Data entries:
....
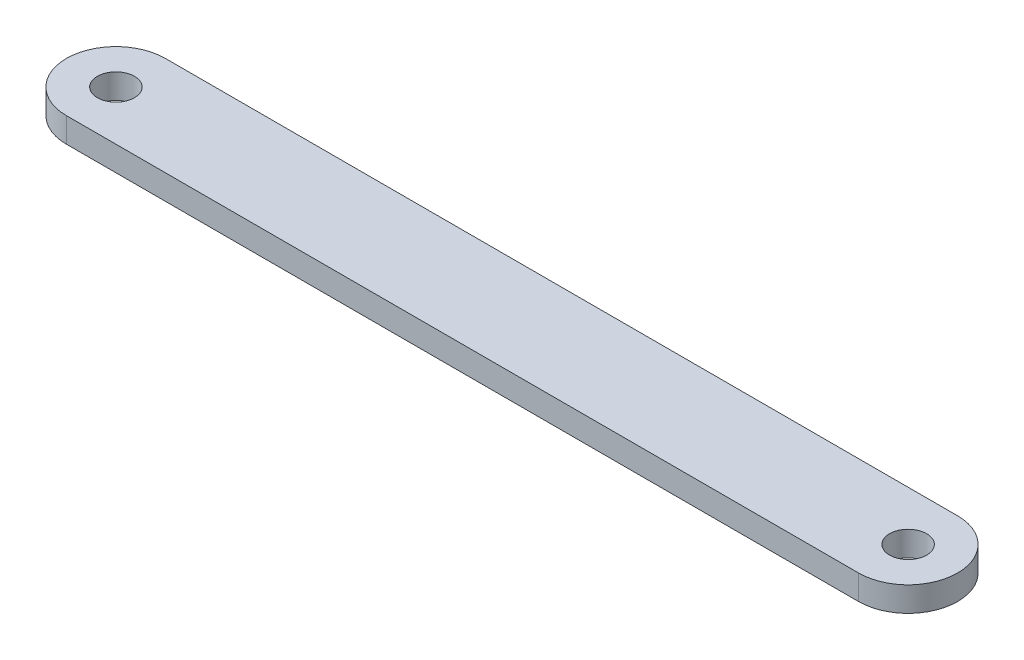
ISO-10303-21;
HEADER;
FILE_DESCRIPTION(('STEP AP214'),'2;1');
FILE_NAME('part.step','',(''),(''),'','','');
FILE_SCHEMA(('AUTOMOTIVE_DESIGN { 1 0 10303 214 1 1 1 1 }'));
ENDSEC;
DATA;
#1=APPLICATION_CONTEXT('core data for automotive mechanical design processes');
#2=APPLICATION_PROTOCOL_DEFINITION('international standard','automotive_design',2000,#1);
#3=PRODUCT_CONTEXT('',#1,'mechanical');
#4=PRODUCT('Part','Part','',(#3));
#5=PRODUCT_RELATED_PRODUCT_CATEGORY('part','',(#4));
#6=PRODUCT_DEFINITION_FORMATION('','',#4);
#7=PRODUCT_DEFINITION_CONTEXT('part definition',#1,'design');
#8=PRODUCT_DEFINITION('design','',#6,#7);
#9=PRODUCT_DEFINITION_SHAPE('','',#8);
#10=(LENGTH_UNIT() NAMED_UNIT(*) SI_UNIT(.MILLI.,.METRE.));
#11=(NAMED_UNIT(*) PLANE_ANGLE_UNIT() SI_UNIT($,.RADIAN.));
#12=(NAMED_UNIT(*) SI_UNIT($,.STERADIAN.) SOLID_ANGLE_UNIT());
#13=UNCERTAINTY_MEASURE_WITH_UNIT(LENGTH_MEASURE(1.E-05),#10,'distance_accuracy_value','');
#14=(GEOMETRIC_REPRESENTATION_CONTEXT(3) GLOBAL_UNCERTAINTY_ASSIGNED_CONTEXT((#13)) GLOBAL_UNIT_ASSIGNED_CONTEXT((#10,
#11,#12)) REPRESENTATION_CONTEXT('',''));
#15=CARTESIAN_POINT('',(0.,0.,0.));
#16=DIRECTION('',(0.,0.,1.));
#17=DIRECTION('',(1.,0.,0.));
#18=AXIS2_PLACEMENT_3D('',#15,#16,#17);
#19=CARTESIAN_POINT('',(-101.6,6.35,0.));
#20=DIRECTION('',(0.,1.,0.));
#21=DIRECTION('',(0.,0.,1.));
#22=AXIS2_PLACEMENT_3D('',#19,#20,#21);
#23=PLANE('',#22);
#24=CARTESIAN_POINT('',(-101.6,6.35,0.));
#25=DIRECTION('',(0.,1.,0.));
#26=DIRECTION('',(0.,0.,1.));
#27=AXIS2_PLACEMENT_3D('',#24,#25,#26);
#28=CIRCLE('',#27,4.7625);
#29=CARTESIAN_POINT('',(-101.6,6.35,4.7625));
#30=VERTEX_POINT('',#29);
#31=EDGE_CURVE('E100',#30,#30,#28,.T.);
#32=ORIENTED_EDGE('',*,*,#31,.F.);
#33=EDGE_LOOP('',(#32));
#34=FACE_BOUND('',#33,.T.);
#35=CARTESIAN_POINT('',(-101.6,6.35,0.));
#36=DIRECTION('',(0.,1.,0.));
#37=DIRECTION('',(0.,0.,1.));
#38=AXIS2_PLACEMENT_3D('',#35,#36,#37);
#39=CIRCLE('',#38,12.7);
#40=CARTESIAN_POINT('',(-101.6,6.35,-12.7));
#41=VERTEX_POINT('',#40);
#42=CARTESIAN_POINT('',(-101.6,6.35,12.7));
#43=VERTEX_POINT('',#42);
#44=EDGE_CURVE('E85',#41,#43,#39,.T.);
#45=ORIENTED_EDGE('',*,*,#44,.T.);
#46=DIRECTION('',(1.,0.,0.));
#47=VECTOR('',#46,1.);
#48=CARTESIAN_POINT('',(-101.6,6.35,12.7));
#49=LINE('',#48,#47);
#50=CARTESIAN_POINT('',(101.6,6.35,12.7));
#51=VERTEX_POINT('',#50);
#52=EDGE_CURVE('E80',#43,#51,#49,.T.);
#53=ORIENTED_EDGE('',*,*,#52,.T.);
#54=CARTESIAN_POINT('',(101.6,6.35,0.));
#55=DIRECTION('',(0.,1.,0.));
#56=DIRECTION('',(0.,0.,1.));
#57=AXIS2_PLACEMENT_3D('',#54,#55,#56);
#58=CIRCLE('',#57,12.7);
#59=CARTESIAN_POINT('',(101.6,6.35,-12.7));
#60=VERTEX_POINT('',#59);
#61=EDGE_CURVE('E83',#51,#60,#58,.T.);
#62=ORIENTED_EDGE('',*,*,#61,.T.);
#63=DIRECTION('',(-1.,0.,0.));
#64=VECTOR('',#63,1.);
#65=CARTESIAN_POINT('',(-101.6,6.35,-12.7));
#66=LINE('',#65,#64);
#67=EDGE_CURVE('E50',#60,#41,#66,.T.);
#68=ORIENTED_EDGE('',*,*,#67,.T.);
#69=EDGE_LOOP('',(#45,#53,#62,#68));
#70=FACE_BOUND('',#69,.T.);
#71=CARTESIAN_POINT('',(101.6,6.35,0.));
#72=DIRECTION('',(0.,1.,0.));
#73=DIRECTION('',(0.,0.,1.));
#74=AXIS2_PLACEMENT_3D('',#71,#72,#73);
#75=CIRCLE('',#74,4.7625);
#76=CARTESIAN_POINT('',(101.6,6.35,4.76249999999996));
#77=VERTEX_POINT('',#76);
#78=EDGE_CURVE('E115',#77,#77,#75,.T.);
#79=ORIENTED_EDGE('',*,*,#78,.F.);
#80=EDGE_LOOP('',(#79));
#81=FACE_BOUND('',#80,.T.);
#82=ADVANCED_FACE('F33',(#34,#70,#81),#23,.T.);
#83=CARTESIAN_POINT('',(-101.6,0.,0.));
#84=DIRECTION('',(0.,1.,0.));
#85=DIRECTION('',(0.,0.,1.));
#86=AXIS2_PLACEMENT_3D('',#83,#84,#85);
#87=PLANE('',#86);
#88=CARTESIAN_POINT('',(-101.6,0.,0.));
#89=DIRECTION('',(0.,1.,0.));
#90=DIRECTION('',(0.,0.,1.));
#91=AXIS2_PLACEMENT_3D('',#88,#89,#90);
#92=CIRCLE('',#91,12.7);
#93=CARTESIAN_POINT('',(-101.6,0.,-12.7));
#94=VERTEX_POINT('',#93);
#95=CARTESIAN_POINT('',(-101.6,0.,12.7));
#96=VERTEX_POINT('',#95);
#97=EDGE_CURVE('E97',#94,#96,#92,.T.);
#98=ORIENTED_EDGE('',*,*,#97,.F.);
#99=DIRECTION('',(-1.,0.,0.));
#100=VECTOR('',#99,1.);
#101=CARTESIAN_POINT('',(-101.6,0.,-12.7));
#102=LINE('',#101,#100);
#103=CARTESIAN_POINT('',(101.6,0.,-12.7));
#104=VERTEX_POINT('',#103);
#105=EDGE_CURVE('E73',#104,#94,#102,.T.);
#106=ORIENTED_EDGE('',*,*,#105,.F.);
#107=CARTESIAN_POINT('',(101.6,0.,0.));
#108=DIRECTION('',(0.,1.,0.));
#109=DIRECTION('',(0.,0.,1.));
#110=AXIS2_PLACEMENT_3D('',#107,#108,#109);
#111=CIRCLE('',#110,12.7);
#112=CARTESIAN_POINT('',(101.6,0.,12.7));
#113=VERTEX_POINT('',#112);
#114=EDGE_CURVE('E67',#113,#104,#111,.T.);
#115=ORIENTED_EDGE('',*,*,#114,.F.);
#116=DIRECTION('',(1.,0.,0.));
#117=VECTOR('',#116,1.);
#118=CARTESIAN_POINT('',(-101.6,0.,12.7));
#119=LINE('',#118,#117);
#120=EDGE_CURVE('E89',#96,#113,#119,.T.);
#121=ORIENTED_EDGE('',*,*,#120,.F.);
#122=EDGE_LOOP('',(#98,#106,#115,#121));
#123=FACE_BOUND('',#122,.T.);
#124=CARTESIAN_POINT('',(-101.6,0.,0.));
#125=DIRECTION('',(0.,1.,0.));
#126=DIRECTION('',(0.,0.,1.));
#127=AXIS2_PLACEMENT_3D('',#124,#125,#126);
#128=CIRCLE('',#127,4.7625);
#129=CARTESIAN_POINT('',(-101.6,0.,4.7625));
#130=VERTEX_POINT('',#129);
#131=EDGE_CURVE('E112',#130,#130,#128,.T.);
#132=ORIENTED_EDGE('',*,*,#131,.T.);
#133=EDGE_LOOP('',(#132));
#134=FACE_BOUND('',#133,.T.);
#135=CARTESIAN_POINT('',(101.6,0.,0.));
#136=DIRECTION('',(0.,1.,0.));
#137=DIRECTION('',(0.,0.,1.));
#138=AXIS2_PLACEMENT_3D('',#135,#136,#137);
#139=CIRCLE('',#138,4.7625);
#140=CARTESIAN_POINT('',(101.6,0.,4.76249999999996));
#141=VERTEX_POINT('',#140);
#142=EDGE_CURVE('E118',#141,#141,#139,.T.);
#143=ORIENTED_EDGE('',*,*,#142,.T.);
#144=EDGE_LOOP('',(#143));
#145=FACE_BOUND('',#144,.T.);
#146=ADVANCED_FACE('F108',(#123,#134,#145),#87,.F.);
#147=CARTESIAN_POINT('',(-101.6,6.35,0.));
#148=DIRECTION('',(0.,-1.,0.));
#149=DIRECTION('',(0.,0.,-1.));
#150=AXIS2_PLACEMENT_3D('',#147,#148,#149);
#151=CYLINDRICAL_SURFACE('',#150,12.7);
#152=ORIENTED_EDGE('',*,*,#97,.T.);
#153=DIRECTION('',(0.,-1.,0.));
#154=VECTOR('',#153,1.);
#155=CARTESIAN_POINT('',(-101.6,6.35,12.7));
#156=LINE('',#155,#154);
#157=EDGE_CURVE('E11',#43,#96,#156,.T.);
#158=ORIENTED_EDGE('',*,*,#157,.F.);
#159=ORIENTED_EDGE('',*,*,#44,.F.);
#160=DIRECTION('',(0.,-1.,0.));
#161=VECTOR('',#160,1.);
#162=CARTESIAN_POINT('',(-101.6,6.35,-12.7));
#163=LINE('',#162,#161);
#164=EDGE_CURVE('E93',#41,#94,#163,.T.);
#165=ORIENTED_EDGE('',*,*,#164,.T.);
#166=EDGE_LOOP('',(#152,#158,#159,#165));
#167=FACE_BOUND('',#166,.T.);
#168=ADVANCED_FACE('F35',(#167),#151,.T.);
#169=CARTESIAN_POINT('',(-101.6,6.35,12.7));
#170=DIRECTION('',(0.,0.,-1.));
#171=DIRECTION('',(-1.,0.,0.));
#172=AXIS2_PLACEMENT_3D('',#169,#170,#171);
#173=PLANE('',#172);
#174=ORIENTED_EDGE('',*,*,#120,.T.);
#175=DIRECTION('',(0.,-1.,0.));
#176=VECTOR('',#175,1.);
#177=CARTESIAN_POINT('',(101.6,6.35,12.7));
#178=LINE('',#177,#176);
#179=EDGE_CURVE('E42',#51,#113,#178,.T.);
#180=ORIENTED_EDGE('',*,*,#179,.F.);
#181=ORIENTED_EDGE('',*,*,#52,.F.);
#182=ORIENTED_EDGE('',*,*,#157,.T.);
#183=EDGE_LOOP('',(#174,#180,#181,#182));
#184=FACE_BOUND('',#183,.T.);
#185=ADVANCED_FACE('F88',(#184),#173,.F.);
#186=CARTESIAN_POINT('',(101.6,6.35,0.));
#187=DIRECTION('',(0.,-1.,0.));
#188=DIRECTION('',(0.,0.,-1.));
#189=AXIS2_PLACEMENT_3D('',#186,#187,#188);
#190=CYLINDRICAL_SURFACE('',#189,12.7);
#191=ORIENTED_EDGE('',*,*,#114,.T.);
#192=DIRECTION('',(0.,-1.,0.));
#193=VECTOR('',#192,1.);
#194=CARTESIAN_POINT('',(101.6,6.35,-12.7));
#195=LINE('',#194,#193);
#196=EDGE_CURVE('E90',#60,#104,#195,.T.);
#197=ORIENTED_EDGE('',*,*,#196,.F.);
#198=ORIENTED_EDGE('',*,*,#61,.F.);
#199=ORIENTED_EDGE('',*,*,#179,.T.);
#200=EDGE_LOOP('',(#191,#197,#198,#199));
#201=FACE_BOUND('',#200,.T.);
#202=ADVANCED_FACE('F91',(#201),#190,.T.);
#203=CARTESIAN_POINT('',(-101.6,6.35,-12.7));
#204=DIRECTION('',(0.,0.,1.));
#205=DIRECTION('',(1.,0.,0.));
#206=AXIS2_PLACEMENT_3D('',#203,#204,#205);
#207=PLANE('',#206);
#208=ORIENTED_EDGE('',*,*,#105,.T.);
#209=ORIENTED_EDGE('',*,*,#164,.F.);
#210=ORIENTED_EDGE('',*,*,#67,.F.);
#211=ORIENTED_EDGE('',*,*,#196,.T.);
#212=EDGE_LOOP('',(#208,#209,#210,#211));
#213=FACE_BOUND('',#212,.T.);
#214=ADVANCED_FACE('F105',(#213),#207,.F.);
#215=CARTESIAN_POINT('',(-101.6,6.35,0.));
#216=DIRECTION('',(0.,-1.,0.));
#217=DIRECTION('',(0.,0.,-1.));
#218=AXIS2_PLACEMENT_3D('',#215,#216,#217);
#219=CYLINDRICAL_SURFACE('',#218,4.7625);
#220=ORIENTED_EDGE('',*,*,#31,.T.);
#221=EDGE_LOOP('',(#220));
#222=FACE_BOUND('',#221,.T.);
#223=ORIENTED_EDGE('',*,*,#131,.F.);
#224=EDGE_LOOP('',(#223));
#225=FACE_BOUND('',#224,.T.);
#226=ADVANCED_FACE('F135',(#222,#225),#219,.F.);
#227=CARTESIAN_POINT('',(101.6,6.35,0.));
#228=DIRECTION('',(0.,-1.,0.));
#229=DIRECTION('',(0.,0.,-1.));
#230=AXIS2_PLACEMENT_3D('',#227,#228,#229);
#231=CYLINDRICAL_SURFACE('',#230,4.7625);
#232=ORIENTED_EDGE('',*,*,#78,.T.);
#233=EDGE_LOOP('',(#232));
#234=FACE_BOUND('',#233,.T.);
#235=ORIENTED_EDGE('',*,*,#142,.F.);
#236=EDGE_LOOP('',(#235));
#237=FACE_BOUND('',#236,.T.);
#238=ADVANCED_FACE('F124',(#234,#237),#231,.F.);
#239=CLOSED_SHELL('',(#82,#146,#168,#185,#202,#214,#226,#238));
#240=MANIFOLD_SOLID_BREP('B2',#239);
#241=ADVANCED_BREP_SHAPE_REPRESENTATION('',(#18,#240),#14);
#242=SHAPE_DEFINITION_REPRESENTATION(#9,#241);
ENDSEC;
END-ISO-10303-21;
....
What is needed: Using the records above, copy word for word the line with "#118=CARTESIAN_POINT('',(-101.6,0.,12.7));", the line with "#163=LINE('',#162,#161);", and every line between them.

Answer to this task:
#118=CARTESIAN_POINT('',(-101.6,0.,12.7));
#119=LINE('',#118,#117);
#120=EDGE_CURVE('E89',#96,#113,#119,.T.);
#121=ORIENTED_EDGE('',*,*,#120,.F.);
#122=EDGE_LOOP('',(#98,#106,#115,#121));
#123=FACE_BOUND('',#122,.T.);
#124=CARTESIAN_POINT('',(-101.6,0.,0.));
#125=DIRECTION('',(0.,1.,0.));
#126=DIRECTION('',(0.,0.,1.));
#127=AXIS2_PLACEMENT_3D('',#124,#125,#126);
#128=CIRCLE('',#127,4.7625);
#129=CARTESIAN_POINT('',(-101.6,0.,4.7625));
#130=VERTEX_POINT('',#129);
#131=EDGE_CURVE('E112',#130,#130,#128,.T.);
#132=ORIENTED_EDGE('',*,*,#131,.T.);
#133=EDGE_LOOP('',(#132));
#134=FACE_BOUND('',#133,.T.);
#135=CARTESIAN_POINT('',(101.6,0.,0.));
#136=DIRECTION('',(0.,1.,0.));
#137=DIRECTION('',(0.,0.,1.));
#138=AXIS2_PLACEMENT_3D('',#135,#136,#137);
#139=CIRCLE('',#138,4.7625);
#140=CARTESIAN_POINT('',(101.6,0.,4.76249999999996));
#141=VERTEX_POINT('',#140);
#142=EDGE_CURVE('E118',#141,#141,#139,.T.);
#143=ORIENTED_EDGE('',*,*,#142,.T.);
#144=EDGE_LOOP('',(#143));
#145=FACE_BOUND('',#144,.T.);
#146=ADVANCED_FACE('F108',(#123,#134,#145),#87,.F.);
#147=CARTESIAN_POINT('',(-101.6,6.35,0.));
#148=DIRECTION('',(0.,-1.,0.));
#149=DIRECTION('',(0.,0.,-1.));
#150=AXIS2_PLACEMENT_3D('',#147,#148,#149);
#151=CYLINDRICAL_SURFACE('',#150,12.7);
#152=ORIENTED_EDGE('',*,*,#97,.T.);
#153=DIRECTION('',(0.,-1.,0.));
#154=VECTOR('',#153,1.);
#155=CARTESIAN_POINT('',(-101.6,6.35,12.7));
#156=LINE('',#155,#154);
#157=EDGE_CURVE('E11',#43,#96,#156,.T.);
#158=ORIENTED_EDGE('',*,*,#157,.F.);
#159=ORIENTED_EDGE('',*,*,#44,.F.);
#160=DIRECTION('',(0.,-1.,0.));
#161=VECTOR('',#160,1.);
#162=CARTESIAN_POINT('',(-101.6,6.35,-12.7));
#163=LINE('',#162,#161);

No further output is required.